TASK PROMPT - Look through the data below for the line with "#111=AXIS2_PLACEMENT_3D('',#108,#109,#110);" and the line with "#118=FACE_BOUND('',#117,.T.);", then output those two and all lines in between, exactly as written.

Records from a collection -
● ● ● ● ● ● ●
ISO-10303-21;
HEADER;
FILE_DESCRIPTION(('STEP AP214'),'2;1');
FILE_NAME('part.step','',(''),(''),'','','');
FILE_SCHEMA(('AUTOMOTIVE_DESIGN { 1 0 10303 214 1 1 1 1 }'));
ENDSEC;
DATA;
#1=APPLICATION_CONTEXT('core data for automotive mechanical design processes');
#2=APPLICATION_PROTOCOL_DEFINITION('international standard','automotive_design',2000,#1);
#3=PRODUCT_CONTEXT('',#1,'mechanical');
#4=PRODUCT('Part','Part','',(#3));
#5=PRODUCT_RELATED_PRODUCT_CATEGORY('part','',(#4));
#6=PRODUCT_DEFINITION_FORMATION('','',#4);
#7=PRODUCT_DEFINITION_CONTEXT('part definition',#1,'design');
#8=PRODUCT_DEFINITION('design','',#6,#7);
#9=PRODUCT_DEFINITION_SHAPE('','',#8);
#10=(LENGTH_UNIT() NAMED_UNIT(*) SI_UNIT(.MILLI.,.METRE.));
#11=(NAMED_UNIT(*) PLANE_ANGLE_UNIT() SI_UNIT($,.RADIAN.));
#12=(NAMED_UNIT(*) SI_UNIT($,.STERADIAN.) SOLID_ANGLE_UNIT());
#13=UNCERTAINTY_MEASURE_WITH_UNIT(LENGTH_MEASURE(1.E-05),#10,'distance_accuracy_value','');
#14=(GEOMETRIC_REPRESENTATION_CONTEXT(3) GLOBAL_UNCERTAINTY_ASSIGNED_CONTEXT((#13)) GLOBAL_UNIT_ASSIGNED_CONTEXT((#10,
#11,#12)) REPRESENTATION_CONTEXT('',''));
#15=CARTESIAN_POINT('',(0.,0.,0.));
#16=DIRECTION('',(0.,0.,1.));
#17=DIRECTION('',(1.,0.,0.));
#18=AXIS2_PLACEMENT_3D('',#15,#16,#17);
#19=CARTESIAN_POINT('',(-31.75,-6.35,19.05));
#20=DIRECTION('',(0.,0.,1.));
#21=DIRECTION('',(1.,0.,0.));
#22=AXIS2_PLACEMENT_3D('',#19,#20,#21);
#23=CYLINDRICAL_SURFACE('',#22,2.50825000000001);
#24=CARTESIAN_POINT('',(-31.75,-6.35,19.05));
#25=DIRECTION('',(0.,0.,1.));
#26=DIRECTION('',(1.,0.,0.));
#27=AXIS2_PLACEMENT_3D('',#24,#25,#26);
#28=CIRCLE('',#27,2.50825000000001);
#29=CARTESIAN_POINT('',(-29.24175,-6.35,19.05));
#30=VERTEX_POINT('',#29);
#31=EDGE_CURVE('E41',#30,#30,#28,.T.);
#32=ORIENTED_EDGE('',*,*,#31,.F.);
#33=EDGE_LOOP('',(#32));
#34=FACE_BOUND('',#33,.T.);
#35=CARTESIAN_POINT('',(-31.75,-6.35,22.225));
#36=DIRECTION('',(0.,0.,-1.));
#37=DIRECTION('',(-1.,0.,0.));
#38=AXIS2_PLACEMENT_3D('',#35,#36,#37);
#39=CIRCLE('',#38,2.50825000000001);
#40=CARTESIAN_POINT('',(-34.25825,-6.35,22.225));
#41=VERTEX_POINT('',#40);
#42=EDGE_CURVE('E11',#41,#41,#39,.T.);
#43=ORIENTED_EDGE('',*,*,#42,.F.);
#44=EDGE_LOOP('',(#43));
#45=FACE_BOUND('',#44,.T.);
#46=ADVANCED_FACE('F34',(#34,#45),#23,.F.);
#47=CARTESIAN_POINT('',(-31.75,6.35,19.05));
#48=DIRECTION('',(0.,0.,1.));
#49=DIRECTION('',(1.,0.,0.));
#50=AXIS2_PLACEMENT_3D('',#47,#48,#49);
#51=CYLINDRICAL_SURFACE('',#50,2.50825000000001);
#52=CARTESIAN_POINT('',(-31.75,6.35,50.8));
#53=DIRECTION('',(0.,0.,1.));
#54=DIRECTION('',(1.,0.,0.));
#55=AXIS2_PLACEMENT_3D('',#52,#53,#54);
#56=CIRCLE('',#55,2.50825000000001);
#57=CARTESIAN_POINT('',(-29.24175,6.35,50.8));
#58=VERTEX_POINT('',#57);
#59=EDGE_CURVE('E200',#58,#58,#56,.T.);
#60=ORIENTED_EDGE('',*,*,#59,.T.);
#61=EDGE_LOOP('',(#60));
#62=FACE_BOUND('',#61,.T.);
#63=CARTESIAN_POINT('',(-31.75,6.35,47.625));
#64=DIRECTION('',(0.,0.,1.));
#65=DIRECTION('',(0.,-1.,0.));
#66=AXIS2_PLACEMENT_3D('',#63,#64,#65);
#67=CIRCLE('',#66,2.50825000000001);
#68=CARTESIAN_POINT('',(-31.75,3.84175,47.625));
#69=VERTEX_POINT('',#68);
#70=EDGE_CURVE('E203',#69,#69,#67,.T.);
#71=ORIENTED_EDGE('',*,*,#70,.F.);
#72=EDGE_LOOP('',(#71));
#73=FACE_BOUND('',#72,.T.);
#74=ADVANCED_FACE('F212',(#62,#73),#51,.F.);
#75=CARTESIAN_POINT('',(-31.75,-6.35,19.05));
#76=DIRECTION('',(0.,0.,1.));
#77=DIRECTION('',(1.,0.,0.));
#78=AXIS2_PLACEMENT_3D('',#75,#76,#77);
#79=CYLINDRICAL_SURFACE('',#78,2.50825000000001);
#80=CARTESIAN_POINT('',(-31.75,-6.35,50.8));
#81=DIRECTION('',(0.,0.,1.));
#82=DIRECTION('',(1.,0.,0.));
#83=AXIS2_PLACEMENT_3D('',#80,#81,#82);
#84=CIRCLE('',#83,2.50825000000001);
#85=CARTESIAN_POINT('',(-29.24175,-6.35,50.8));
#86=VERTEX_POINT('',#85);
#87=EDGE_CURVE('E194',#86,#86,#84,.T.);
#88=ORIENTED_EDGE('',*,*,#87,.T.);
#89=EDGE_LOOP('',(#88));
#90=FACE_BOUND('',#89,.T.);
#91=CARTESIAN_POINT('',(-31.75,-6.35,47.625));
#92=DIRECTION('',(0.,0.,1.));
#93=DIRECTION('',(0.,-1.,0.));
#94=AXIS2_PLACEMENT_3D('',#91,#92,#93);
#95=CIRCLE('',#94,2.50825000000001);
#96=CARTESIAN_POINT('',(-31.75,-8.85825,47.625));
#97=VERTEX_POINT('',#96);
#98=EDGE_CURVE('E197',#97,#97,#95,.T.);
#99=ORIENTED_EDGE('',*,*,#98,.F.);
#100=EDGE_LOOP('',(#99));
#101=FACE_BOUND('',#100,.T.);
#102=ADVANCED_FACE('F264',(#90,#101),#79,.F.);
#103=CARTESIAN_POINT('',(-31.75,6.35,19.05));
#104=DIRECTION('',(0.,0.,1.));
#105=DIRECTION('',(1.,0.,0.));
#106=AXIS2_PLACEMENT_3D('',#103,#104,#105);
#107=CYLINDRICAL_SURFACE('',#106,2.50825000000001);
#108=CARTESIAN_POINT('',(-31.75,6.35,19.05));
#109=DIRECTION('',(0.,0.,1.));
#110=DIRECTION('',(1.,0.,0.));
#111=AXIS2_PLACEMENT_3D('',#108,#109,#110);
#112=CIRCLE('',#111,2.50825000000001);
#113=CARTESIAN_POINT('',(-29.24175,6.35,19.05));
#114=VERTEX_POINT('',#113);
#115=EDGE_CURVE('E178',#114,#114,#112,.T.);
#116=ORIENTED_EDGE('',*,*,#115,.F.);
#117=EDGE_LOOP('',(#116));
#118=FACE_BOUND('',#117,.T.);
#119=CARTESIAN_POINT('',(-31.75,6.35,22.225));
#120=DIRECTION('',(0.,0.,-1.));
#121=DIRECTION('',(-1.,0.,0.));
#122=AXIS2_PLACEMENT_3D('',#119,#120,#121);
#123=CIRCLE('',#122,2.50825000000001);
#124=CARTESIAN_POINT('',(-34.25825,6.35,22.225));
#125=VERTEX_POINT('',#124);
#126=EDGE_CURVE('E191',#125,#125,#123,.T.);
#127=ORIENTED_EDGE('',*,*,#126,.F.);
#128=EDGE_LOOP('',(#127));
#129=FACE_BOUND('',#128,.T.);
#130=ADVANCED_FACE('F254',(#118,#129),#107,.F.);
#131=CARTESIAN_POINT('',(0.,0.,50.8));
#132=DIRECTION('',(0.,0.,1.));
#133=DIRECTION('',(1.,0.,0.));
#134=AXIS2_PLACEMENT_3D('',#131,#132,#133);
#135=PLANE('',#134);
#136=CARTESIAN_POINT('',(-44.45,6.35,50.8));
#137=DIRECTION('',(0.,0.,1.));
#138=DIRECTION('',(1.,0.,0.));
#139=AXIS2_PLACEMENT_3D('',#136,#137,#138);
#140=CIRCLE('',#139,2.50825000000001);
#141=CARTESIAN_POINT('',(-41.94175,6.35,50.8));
● ● ● ● ● ● ●
TASK RESULT -
#111=AXIS2_PLACEMENT_3D('',#108,#109,#110);
#112=CIRCLE('',#111,2.50825000000001);
#113=CARTESIAN_POINT('',(-29.24175,6.35,19.05));
#114=VERTEX_POINT('',#113);
#115=EDGE_CURVE('E178',#114,#114,#112,.T.);
#116=ORIENTED_EDGE('',*,*,#115,.F.);
#117=EDGE_LOOP('',(#116));
#118=FACE_BOUND('',#117,.T.);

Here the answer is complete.